Data extracted from a collection:
|---|
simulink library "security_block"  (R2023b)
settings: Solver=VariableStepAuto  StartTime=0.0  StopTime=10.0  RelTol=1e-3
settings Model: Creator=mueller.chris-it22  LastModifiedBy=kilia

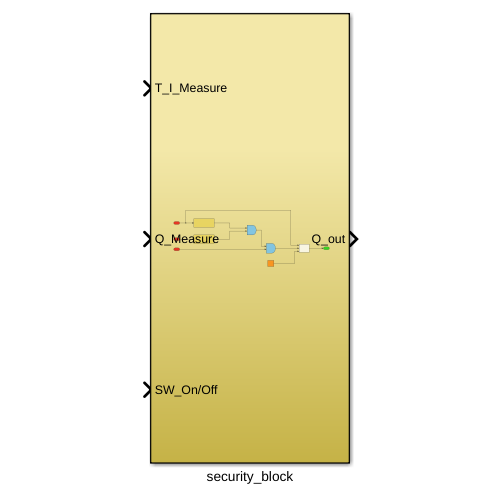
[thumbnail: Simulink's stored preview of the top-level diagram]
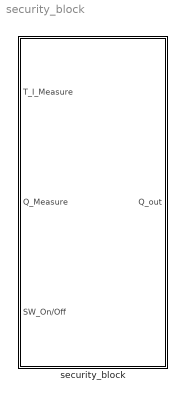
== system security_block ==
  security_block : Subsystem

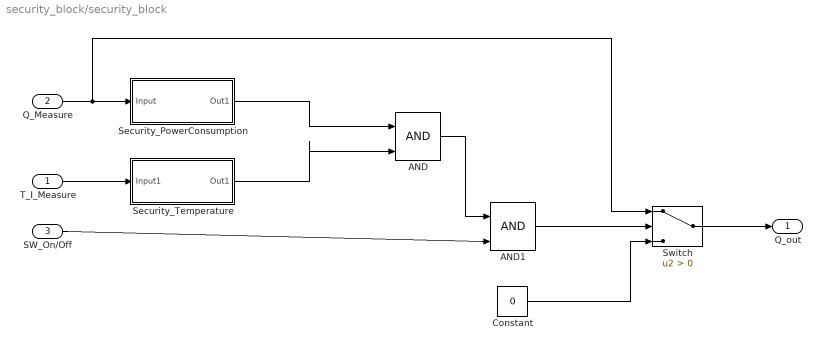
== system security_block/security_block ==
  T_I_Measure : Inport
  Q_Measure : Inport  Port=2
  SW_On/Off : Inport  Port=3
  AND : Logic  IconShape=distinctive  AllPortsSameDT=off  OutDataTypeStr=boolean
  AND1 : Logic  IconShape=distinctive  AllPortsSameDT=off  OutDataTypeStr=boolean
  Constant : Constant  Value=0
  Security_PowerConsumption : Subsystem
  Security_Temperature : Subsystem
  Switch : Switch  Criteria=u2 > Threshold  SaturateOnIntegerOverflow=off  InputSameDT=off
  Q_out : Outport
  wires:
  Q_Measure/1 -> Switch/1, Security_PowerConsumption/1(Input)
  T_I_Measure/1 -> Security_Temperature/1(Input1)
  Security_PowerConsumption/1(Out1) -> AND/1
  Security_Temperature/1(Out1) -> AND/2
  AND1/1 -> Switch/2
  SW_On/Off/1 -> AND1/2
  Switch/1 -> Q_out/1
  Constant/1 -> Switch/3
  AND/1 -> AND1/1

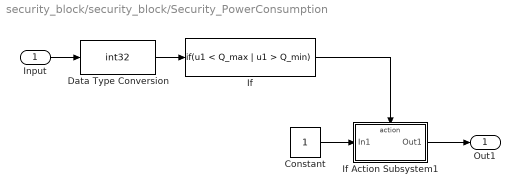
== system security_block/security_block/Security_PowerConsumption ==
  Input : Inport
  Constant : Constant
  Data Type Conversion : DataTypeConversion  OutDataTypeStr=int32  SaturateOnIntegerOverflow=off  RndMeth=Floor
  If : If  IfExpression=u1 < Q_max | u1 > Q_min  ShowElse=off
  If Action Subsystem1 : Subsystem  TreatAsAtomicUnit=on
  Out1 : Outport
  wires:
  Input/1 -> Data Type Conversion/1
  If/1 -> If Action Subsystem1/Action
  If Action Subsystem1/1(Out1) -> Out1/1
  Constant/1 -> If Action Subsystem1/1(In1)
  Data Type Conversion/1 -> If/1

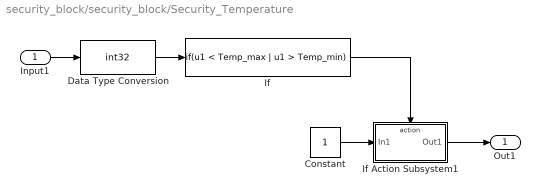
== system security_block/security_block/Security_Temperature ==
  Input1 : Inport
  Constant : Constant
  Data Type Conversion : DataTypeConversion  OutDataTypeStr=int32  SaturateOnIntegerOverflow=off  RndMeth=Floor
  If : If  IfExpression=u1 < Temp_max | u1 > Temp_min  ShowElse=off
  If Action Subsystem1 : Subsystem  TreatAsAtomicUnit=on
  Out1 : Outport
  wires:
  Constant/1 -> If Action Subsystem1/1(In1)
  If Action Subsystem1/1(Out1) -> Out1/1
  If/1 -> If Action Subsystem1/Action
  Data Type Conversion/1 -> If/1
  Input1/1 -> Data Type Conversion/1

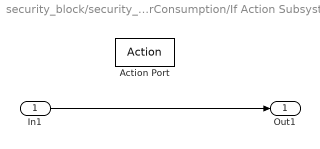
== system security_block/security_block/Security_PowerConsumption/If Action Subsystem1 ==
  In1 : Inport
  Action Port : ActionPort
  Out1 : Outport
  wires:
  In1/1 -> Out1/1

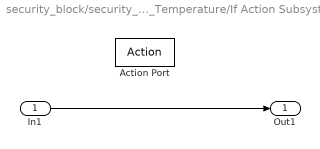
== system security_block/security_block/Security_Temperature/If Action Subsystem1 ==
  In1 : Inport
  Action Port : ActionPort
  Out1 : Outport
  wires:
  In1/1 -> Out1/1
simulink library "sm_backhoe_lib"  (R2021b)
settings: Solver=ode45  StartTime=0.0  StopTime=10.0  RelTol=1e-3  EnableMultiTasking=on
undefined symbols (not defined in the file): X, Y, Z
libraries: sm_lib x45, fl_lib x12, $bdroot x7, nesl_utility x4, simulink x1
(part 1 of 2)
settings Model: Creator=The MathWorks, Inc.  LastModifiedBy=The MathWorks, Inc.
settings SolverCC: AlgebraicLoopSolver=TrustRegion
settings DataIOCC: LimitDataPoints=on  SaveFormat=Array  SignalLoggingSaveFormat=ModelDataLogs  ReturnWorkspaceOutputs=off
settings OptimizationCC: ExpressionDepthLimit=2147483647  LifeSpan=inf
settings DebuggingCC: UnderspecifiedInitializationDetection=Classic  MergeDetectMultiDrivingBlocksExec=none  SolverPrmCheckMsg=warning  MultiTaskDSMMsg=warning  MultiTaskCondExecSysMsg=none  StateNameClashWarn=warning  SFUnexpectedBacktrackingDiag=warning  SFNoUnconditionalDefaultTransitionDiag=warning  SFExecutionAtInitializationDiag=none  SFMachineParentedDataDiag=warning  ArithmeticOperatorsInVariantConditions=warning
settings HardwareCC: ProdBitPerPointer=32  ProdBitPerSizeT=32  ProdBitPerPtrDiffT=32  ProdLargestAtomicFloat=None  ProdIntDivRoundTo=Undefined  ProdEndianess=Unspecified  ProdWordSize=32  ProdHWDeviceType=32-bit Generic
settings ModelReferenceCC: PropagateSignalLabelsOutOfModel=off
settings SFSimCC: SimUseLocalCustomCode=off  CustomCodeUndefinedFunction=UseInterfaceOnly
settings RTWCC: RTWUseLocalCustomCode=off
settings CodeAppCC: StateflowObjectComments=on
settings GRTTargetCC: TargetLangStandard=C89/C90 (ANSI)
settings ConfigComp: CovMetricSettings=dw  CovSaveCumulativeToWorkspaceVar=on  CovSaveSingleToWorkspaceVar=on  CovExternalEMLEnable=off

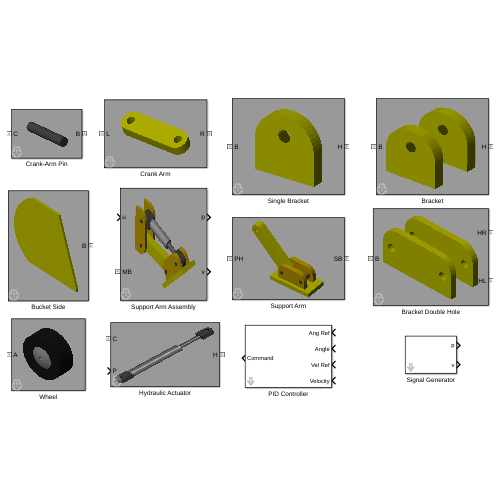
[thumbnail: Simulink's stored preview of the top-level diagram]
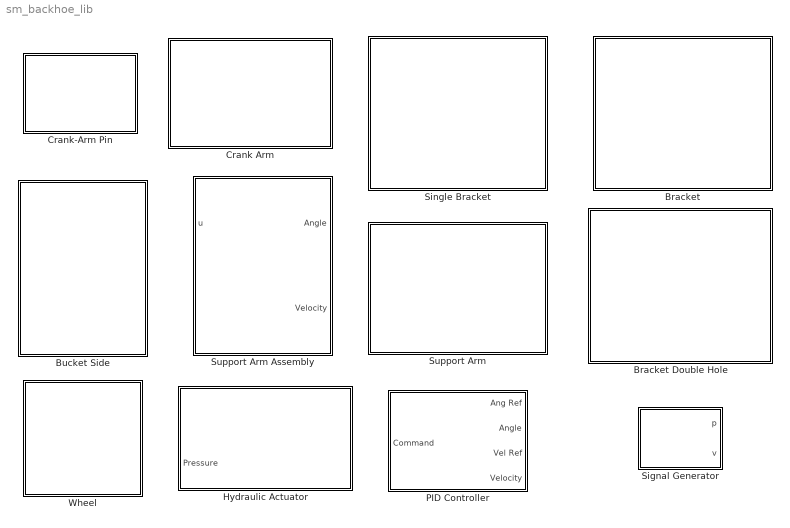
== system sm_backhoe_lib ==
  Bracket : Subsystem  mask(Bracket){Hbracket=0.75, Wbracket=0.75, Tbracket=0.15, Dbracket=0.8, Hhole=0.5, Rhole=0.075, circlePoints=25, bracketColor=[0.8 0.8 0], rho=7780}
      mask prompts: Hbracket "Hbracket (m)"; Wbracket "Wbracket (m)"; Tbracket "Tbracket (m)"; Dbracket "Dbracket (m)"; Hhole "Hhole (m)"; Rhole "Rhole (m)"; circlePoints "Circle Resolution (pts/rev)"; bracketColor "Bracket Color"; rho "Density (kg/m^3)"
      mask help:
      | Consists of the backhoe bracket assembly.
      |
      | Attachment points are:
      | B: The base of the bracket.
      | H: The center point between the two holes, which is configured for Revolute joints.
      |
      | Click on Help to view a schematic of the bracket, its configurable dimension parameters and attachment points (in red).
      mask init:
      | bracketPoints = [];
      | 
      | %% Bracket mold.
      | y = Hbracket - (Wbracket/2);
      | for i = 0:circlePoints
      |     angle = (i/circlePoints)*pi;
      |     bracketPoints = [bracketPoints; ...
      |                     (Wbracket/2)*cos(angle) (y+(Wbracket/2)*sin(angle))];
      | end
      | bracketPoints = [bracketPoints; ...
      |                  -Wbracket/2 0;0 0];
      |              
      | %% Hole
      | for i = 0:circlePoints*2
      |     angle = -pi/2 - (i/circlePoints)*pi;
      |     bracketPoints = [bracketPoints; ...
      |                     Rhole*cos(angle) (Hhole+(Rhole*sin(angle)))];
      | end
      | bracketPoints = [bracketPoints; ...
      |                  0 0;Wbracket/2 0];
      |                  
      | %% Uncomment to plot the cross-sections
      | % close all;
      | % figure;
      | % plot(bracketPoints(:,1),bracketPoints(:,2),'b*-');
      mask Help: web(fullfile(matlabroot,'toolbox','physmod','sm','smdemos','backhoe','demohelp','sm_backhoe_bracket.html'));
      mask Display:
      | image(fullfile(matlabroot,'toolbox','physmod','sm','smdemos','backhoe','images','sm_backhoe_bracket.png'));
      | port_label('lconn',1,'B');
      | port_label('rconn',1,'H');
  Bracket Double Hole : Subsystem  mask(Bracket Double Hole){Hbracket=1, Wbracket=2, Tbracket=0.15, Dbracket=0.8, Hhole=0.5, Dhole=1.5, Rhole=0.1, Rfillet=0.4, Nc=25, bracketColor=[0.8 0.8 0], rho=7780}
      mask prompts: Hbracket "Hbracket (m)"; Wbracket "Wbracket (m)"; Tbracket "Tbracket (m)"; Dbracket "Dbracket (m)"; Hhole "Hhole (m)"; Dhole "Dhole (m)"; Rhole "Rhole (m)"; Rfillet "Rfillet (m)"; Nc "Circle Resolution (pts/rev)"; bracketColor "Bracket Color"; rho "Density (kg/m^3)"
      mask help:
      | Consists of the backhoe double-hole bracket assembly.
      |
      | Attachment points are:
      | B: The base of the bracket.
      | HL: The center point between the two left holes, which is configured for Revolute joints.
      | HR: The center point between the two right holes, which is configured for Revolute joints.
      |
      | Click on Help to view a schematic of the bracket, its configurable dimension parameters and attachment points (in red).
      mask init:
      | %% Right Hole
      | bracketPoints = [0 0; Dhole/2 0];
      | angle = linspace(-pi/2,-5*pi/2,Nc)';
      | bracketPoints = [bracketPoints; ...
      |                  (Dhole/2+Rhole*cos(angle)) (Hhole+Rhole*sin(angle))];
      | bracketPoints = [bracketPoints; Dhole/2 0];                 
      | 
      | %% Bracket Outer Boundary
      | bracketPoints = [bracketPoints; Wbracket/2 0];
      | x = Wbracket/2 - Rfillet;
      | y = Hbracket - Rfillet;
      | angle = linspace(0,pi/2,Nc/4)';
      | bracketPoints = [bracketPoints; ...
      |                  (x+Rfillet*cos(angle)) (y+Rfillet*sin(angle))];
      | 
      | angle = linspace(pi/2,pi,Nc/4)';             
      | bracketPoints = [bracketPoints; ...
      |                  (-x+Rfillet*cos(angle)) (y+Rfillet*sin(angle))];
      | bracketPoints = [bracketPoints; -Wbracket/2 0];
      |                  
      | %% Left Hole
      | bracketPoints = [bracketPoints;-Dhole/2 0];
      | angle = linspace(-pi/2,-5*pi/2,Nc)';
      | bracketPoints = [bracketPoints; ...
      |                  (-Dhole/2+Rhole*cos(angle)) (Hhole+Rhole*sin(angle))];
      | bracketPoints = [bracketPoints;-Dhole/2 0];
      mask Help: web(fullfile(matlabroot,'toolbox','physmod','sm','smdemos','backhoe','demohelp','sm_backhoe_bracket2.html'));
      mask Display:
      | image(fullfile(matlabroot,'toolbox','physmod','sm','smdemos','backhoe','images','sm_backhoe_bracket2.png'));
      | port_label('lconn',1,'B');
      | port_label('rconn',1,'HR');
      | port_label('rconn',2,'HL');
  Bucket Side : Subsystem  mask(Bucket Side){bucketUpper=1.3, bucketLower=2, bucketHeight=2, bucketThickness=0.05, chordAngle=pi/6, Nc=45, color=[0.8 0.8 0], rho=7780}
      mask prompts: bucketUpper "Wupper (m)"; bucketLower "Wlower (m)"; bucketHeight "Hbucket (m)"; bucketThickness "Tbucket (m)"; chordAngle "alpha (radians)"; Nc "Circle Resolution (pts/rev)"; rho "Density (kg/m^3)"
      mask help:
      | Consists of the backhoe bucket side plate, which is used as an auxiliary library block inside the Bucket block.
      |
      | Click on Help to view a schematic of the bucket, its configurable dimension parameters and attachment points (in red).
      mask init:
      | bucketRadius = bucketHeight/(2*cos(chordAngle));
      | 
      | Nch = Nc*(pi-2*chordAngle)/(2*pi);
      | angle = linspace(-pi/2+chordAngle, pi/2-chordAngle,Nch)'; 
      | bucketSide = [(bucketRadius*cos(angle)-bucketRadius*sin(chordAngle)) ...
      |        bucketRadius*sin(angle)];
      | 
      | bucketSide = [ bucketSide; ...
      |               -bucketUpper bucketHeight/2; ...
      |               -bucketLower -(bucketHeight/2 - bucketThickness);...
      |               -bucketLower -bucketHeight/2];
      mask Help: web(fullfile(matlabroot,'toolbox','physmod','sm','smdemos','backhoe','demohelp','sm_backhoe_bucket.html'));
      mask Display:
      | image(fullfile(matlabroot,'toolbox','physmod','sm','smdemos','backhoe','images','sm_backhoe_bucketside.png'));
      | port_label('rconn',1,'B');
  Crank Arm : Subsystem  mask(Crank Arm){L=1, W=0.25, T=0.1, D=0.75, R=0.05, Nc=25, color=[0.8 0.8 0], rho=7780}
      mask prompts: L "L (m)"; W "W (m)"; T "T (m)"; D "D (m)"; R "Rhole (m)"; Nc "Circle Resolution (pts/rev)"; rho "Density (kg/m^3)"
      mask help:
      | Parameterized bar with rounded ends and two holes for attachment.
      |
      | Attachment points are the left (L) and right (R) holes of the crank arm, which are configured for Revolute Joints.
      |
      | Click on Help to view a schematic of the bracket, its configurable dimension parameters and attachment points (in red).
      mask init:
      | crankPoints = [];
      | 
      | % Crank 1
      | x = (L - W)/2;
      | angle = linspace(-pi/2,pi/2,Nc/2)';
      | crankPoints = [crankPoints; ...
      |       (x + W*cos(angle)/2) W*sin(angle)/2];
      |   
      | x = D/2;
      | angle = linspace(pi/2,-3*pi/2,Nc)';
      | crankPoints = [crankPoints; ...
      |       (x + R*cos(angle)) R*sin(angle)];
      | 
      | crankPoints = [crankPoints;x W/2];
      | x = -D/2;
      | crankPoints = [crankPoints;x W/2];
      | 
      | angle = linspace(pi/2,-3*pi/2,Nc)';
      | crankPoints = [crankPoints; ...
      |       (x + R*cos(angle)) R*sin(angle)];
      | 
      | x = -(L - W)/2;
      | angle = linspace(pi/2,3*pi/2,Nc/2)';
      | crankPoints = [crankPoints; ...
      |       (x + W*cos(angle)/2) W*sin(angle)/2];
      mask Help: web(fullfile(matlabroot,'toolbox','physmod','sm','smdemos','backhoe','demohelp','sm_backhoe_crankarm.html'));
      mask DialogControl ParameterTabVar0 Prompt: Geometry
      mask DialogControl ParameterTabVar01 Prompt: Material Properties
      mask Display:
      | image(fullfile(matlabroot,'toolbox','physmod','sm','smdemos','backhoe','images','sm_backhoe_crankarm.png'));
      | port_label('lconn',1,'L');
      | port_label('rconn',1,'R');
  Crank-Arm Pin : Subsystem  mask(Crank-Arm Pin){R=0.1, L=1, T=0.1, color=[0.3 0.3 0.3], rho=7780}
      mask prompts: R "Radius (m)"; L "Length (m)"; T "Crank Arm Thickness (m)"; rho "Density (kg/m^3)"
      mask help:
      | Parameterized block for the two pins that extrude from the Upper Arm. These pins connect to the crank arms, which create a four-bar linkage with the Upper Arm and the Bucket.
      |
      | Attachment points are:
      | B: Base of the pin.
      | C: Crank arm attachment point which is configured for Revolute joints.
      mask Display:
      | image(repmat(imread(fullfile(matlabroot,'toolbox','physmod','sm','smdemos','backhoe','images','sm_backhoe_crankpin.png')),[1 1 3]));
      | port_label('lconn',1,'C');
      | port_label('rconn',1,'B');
|---|
**Exercise directions**. If a line comes after the line with "T_I_Measure/1 -> Security_Temperature/1(Input1)", it stays out; print exactly every line from the start of the entries up to and including that line, but no pictures.

**Task solution**.
simulink library "security_block"  (R2023b)
settings: Solver=VariableStepAuto  StartTime=0.0  StopTime=10.0  RelTol=1e-3
settings Model: Creator=mueller.chris-it22  LastModifiedBy=kilia

[thumbnail: Simulink's stored preview of the top-level diagram]
== system security_block ==
  security_block : Subsystem

== system security_block/security_block ==
  T_I_Measure : Inport
  Q_Measure : Inport  Port=2
  SW_On/Off : Inport  Port=3
  AND : Logic  IconShape=distinctive  AllPortsSameDT=off  OutDataTypeStr=boolean
  AND1 : Logic  IconShape=distinctive  AllPortsSameDT=off  OutDataTypeStr=boolean
  Constant : Constant  Value=0
  Security_PowerConsumption : Subsystem
  Security_Temperature : Subsystem
  Switch : Switch  Criteria=u2 > Threshold  SaturateOnIntegerOverflow=off  InputSameDT=off
  Q_out : Outport
  wires:
  Q_Measure/1 -> Switch/1, Security_PowerConsumption/1(Input)
  T_I_Measure/1 -> Security_Temperature/1(Input1)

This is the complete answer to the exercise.